***** Records supplied

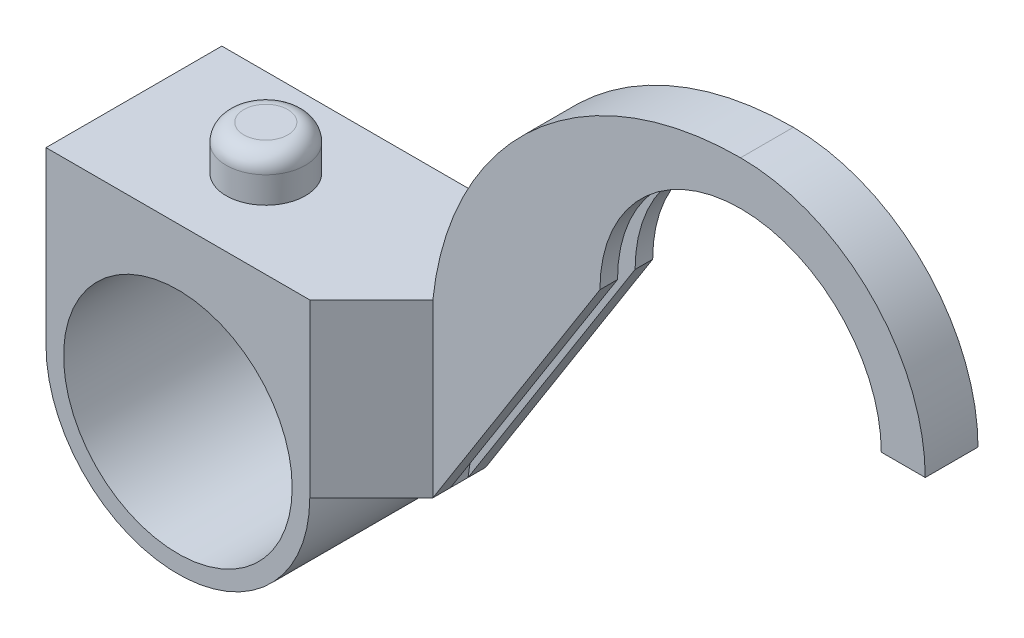
SolidWorks part; units mm, degrees
ref_plane "Front Plane" through (0, 0, 0) normal (0, 0, 1) x (1, 0, 0)
ref_plane "Top Plane" through (0, 0, 0) normal (0, 1, 0) x (1, 0, 0)
ref_plane "Right Plane" through (0, 0, 0) normal (1, 0, 0) x (0, 0, -1)
sketch "Sketch1" plane through (0, 0, 0) normal (0, 0, 1) x (1, 0, 0)
  line L0 (-15, 0) -> (-15, 19.5)
  line L1 (-15, 19.5) -> (15, 19.5)
  line L2 (15, 19.5) -> (15, 0)
  circle A0 centre (0, 0) radius 13
  arc A1 (-15, 0) -> (15, 0) centre (0, 0) ccw
  circle A2 centre (0, 0) radius 15 construction
  dimension "D1" = 26
  dimension "D2" = 2
  dimension "D3" = 19.5
extrude "Boss-Extrude1" add sketch "Sketch1" along normal mid plane 20
sketch "Sketch3" plane through (0, 19.5, 0) normal (0, 1, 0) x (1, 0, 0)
  line L0 (15, 10) -> (22, 3)
  line L1 (22, 3) -> (22, -3)
  line L2 (22, -3) -> (15, -10)
  line L3 (15, -10) -> (15, 10) construction
  line L4 (15, 10) -> (15, -10)
  dimension "D1" = 6
  dimension "D2" = 7
extrude "Boss-Extrude2" add sketch "Sketch3" against normal up to vertex (19.5 mm away) up to point (15, 0, 10)
sketch "Sketch2" plane through (0, 0, 0) normal (0, 0, 1) x (1, 0, 0)
  line L0 (78, 30) -> (76, 30)
  line L1 (15, 30) -> (15, 0) construction
  line L2 (22, 19.5) -> (22, 0)
  line L3 (15, 30) -> (57, 30) construction
  line L4 (22, 0) -> (22, 19.5) construction
  arc A1 (43.8839, 43.7466) -> (76, 30) centre (57, 30) cw
  arc A2 (57, 51) -> (78, 30) centre (57, 30) cw
  arc A3 (22, 19.5) -> (57, 51) centre (57, 15.8056) cw
  arc A4 (43.8839, 43.7466) -> (22, 0) centre (93.8029, -8.572) ccw
  arc A5 (38, 30) -> (76, 30) centre (57, 30) cw construction
  arc A6 (36, 30) -> (78, 30) centre (57, 30) cw construction
  dimension "D3" = 19
  dimension "D4" = 2
  dimension "D5" = 72.3128
  dimension "D1" = 30
  dimension "D2" = 57
extrude "Boss-Extrude3" add sketch "Sketch2" along normal mid plane 6
sketch "Sketch4" plane through (0, 0, 3) normal (0, 0, 1) x (1, 0, 0)
  line L1 (73, 30) -> (76, 30)
  line L2 (41, 30) -> (22, 0)
  arc A0 (73, 30) -> (41, 30) centre (57, 30) ccw
  arc A1 (76, 30) -> (43.8839, 43.7466) centre (57, 30) ccw
  arc A2 (43.8839, 43.7466) -> (22, 0) centre (93.8029, -8.572) ccw construction
  arc A3 (76, 30) -> (43.8839, 43.7466) centre (57, 30) ccw construction
  arc A4 (22, 0) -> (43.8839, 43.7466) centre (93.8029, -8.572) cw
  dimension "D1" = 16
  dimension "D2" = 19
  dimension "D4" = 19
  dimension "D3" = 3
extrude "Boss-Extrude4" add sketch "Sketch4" against normal blind 2 separate body
mirror "Mirror1" about plane through (0, 0, 0) normal (0, 0, 1) of bodies 104
combine bodies "Combine2" operation type add bodies to combine 104 105 103
sketch "Sketch5" plane through (0, 19.5, 0) normal (0, 1, 0) x (1, 0, 0)
  circle A0 centre (0, 0) radius 4.5
  dimension "D1" = 9
extrude "Boss-Extrude5" add sketch "Sketch5" along normal mid plane 10 contours A0
fillet "Fillet1" radius 2 1 edges at (0, 24.5, 4.5)

**********

(Task prompt): Produce only the lines from the line containing "line L3 (15, -10) -> (15, 10) construction" through the line containing "line L0 (78, 30) -> (76, 30)", inclusive of both, exactly as they stand in the entries above.

(Task output):
  line L3 (15, -10) -> (15, 10) construction
  line L4 (15, 10) -> (15, -10)
  dimension "D1" = 6
  dimension "D2" = 7
extrude "Boss-Extrude2" add sketch "Sketch3" against normal up to vertex (19.5 mm away) up to point (15, 0, 10)
sketch "Sketch2" plane through (0, 0, 0) normal (0, 0, 1) x (1, 0, 0)
  line L0 (78, 30) -> (76, 30)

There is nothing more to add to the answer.